Cloud computing has significantly reduced the cost of hosting web apps. Your cloud hosting cost may start anywhere from a few hundred to a few thousand depending on the volume of data and traffic that you are hosting. Cloud upgrade and maintenance costs could vary depending on the amount of data and the complexity of your system as well. Data accumulates very quickly and every update often requires running data migration scripts and backups. These are sensitive procedures that you cannot afford not to take seriously. Loss or corruption of data will render your entire system useless.

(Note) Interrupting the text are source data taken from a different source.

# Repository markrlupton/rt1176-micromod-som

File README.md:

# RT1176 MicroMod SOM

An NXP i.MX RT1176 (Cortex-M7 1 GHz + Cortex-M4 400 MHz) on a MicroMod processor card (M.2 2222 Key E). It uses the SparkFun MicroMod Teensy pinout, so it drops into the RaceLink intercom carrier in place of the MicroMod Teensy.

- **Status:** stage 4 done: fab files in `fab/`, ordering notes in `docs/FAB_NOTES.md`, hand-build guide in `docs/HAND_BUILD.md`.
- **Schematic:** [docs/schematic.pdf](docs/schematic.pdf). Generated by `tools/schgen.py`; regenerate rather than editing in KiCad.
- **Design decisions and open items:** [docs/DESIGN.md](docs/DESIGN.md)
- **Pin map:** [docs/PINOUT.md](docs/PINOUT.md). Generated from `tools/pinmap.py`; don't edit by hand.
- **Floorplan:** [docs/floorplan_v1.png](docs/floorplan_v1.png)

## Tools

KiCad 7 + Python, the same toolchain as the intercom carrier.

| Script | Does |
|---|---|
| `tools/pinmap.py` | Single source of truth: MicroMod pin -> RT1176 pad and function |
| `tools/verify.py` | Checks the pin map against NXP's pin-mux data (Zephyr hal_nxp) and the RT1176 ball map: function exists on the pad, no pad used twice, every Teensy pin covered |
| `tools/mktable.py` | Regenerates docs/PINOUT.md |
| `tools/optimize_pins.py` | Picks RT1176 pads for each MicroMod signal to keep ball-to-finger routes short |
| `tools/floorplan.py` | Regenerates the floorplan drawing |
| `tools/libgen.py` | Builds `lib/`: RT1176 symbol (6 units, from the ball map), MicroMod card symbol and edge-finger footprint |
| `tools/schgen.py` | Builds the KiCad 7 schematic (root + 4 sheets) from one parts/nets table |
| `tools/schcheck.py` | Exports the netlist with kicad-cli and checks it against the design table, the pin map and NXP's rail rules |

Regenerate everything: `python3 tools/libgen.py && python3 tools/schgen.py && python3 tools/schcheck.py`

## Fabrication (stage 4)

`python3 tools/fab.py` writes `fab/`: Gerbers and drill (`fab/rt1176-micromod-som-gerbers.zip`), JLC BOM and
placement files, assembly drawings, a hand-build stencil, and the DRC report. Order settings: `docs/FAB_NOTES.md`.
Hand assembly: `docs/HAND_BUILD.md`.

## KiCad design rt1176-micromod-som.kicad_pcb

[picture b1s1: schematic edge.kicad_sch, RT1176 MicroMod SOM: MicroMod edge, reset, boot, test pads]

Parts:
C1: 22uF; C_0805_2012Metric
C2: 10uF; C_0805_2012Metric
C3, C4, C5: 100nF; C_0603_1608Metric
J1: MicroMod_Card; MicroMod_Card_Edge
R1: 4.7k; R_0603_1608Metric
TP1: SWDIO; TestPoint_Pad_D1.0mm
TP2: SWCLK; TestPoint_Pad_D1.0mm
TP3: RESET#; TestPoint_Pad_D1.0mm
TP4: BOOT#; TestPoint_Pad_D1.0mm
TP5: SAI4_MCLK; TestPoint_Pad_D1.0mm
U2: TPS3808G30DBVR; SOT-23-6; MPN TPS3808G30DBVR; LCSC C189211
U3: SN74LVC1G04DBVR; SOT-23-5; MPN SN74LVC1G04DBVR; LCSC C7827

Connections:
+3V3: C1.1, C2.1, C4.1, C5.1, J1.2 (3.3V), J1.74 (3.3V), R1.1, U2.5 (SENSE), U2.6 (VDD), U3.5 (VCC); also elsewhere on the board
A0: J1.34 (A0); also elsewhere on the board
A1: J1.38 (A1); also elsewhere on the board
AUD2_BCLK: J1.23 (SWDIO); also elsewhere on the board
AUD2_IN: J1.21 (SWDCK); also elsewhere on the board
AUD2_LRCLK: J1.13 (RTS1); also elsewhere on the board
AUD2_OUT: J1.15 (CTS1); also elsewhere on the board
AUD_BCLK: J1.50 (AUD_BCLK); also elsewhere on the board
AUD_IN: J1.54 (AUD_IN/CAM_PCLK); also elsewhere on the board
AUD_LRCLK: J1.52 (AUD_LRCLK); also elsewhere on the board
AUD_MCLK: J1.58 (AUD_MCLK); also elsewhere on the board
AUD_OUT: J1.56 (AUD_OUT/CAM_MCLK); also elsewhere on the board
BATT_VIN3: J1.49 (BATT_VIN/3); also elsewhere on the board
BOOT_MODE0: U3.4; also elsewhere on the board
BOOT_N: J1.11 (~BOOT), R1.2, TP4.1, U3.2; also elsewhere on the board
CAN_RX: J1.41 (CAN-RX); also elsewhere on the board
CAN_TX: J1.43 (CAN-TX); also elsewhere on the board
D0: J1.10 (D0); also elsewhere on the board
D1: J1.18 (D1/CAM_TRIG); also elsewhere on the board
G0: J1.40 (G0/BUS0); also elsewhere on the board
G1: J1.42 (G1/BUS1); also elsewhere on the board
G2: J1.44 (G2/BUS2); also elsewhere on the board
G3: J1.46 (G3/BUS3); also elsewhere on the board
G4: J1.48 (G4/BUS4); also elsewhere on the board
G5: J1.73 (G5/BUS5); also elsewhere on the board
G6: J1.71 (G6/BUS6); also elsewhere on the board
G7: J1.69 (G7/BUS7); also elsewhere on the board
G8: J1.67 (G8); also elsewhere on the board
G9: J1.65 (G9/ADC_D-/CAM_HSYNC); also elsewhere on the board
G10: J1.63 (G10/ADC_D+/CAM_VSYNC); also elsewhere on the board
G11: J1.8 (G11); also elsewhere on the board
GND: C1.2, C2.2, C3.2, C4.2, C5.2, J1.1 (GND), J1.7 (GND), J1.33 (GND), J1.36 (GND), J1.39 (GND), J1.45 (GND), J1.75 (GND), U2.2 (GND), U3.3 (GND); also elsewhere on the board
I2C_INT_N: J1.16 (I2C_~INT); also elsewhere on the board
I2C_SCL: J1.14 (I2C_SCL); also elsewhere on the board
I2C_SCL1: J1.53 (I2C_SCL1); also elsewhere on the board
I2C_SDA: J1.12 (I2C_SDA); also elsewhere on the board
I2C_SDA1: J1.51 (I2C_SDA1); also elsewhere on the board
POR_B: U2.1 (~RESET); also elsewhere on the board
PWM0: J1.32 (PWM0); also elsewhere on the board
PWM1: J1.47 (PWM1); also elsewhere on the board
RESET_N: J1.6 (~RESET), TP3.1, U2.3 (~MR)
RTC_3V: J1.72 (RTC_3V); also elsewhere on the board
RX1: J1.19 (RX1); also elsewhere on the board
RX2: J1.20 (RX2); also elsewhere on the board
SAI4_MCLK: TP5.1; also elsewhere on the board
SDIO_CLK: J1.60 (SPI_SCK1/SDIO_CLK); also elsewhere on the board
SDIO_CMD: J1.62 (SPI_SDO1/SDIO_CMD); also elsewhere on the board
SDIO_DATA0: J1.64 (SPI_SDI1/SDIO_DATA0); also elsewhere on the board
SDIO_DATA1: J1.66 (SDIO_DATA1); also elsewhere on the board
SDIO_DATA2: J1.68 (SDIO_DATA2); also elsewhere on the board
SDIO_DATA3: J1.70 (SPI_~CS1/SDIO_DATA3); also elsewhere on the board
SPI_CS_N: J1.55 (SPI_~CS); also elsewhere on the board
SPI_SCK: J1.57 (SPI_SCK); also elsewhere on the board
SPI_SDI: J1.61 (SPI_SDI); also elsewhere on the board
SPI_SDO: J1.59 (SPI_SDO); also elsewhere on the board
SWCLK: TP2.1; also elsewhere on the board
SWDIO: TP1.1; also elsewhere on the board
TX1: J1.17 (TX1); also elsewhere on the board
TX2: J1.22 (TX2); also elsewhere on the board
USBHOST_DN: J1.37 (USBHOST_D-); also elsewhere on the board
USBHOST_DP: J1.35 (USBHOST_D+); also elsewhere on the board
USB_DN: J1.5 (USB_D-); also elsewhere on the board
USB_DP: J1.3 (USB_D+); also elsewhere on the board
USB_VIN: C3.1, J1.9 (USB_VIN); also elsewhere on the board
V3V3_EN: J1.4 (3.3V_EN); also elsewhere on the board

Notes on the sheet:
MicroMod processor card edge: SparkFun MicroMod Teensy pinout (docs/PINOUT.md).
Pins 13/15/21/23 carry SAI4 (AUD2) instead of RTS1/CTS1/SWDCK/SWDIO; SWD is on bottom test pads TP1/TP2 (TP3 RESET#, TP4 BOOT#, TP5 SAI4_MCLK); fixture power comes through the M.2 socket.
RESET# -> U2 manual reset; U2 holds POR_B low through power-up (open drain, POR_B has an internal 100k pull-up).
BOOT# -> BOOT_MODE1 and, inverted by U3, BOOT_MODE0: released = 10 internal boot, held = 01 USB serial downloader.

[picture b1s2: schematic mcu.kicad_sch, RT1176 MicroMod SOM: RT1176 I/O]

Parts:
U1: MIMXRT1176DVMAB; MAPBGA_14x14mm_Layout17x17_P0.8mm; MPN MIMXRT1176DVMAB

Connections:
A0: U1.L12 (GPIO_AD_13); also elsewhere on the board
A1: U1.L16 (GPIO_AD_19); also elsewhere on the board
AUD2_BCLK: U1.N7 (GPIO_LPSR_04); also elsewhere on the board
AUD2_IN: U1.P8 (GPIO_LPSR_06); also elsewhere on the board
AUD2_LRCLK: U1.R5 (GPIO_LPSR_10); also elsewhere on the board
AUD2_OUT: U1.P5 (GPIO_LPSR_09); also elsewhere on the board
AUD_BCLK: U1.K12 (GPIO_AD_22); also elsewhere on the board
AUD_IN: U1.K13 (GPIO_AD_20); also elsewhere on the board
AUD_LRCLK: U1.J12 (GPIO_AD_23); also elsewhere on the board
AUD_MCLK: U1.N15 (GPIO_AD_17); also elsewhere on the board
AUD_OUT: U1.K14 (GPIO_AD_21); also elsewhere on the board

When it gets to development and maintenance cost, beware of tempting discounted offers and aggressive deadlines. Mobile development shops often have little experience in cloud back-end development and maintenance. They may also underestimate the work involved. The software in the cloud is the brain of your system. If mobile apps break, you can always build new ones. If the cloud software breaks, you are out of business!
Canadian universities and medical organizations are required to host their data on Canadian soil so the data can be subjected to or protected by Canadian laws. Search for a Canadian cloud company and make sure that all their servers are in Canada as well. You may be able to negotiate better prices as well as agreeing to customized terms of services that are approved by your legal experts.